(EXTRACTED INFORMATION Opens)

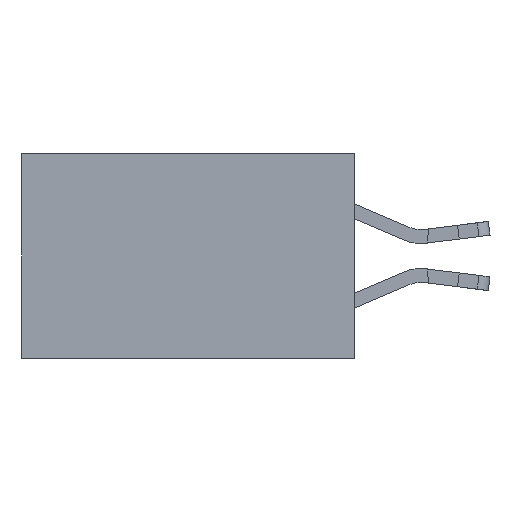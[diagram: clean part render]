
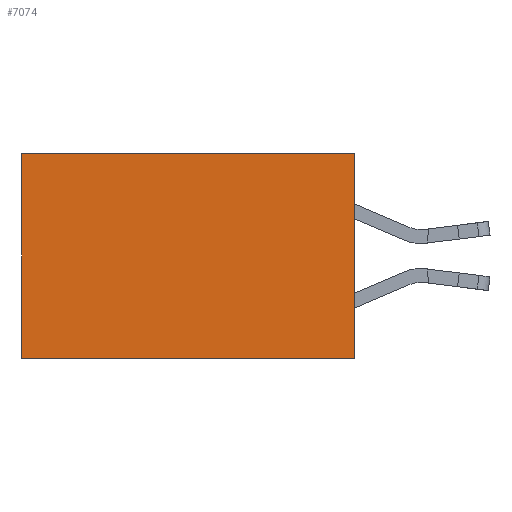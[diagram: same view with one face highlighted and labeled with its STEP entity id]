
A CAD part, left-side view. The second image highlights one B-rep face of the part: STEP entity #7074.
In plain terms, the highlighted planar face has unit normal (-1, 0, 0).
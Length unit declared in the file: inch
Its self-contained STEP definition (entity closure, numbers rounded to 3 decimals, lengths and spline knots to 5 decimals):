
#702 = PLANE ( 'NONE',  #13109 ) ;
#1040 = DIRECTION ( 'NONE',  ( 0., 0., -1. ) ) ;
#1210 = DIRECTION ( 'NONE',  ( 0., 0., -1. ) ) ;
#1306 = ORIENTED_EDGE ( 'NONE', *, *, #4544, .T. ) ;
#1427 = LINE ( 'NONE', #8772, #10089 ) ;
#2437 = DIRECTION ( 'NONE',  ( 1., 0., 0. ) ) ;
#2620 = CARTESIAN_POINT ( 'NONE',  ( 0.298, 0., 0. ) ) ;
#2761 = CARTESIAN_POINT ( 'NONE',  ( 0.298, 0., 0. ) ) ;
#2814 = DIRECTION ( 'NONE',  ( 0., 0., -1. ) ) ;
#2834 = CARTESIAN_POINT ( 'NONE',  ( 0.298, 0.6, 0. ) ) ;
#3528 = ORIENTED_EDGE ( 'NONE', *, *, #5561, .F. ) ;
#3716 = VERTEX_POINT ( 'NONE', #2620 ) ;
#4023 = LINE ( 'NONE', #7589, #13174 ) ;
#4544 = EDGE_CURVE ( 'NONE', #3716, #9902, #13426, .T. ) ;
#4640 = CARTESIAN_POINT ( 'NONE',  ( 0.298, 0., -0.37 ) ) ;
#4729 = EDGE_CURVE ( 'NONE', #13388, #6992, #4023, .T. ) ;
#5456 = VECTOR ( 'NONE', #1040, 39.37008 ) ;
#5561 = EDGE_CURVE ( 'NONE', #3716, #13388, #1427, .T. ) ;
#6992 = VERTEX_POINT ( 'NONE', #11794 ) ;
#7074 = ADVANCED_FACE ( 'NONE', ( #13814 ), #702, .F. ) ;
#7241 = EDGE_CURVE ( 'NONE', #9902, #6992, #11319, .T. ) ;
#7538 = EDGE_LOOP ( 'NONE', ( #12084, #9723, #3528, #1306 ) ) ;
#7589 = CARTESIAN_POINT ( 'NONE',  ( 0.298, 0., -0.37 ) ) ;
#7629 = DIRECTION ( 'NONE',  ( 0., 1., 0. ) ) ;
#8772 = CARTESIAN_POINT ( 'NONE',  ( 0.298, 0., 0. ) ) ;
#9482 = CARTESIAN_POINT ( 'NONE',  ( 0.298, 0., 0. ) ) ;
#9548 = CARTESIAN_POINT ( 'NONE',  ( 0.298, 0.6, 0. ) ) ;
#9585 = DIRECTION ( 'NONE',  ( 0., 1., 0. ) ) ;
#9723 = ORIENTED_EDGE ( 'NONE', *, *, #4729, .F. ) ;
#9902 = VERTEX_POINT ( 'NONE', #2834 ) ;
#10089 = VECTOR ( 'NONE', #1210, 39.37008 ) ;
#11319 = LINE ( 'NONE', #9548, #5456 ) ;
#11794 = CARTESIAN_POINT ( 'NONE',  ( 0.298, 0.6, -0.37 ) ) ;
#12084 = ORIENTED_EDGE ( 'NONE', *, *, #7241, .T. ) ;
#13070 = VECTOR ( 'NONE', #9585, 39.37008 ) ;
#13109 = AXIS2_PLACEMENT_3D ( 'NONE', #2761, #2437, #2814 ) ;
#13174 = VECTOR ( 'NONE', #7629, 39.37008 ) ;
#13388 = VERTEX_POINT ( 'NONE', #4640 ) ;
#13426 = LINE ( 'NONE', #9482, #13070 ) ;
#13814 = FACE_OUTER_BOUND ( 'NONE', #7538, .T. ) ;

(EXTRACTED INFORMATION Closes)

THE TASK: The complete set of records should be written out again, pictures excluded.

ANSWER BELOW:
[diagram: clean part render]
[diagram: same view with one face highlighted and labeled with its STEP entity id]
A CAD part, left-side view. The second image highlights one B-rep face of the part: STEP entity #7074.
In plain terms, the highlighted planar face has unit normal (-1, 0, 0).
Length unit declared in the file: inch
Its self-contained STEP definition (entity closure, numbers rounded to 3 decimals, lengths and spline knots to 5 decimals):
#702 = PLANE ( 'NONE',  #13109 ) ;
#1040 = DIRECTION ( 'NONE',  ( 0., 0., -1. ) ) ;
#1210 = DIRECTION ( 'NONE',  ( 0., 0., -1. ) ) ;
#1306 = ORIENTED_EDGE ( 'NONE', *, *, #4544, .T. ) ;
#1427 = LINE ( 'NONE', #8772, #10089 ) ;
#2437 = DIRECTION ( 'NONE',  ( 1., 0., 0. ) ) ;
#2620 = CARTESIAN_POINT ( 'NONE',  ( 0.298, 0., 0. ) ) ;
#2761 = CARTESIAN_POINT ( 'NONE',  ( 0.298, 0., 0. ) ) ;
#2814 = DIRECTION ( 'NONE',  ( 0., 0., -1. ) ) ;
#2834 = CARTESIAN_POINT ( 'NONE',  ( 0.298, 0.6, 0. ) ) ;
#3528 = ORIENTED_EDGE ( 'NONE', *, *, #5561, .F. ) ;
#3716 = VERTEX_POINT ( 'NONE', #2620 ) ;
#4023 = LINE ( 'NONE', #7589, #13174 ) ;
#4544 = EDGE_CURVE ( 'NONE', #3716, #9902, #13426, .T. ) ;
#4640 = CARTESIAN_POINT ( 'NONE',  ( 0.298, 0., -0.37 ) ) ;
#4729 = EDGE_CURVE ( 'NONE', #13388, #6992, #4023, .T. ) ;
#5456 = VECTOR ( 'NONE', #1040, 39.37008 ) ;
#5561 = EDGE_CURVE ( 'NONE', #3716, #13388, #1427, .T. ) ;
#6992 = VERTEX_POINT ( 'NONE', #11794 ) ;
#7074 = ADVANCED_FACE ( 'NONE', ( #13814 ), #702, .F. ) ;
#7241 = EDGE_CURVE ( 'NONE', #9902, #6992, #11319, .T. ) ;
#7538 = EDGE_LOOP ( 'NONE', ( #12084, #9723, #3528, #1306 ) ) ;
#7589 = CARTESIAN_POINT ( 'NONE',  ( 0.298, 0., -0.37 ) ) ;
#7629 = DIRECTION ( 'NONE',  ( 0., 1., 0. ) ) ;
#8772 = CARTESIAN_POINT ( 'NONE',  ( 0.298, 0., 0. ) ) ;
#9482 = CARTESIAN_POINT ( 'NONE',  ( 0.298, 0., 0. ) ) ;
#9548 = CARTESIAN_POINT ( 'NONE',  ( 0.298, 0.6, 0. ) ) ;
#9585 = DIRECTION ( 'NONE',  ( 0., 1., 0. ) ) ;
#9723 = ORIENTED_EDGE ( 'NONE', *, *, #4729, .F. ) ;
#9902 = VERTEX_POINT ( 'NONE', #2834 ) ;
#10089 = VECTOR ( 'NONE', #1210, 39.37008 ) ;
#11319 = LINE ( 'NONE', #9548, #5456 ) ;
#11794 = CARTESIAN_POINT ( 'NONE',  ( 0.298, 0.6, -0.37 ) ) ;
#12084 = ORIENTED_EDGE ( 'NONE', *, *, #7241, .T. ) ;
#13070 = VECTOR ( 'NONE', #9585, 39.37008 ) ;
#13109 = AXIS2_PLACEMENT_3D ( 'NONE', #2761, #2437, #2814 ) ;
#13174 = VECTOR ( 'NONE', #7629, 39.37008 ) ;
#13388 = VERTEX_POINT ( 'NONE', #4640 ) ;
#13426 = LINE ( 'NONE', #9482, #13070 ) ;
#13814 = FACE_OUTER_BOUND ( 'NONE', #7538, .T. ) ;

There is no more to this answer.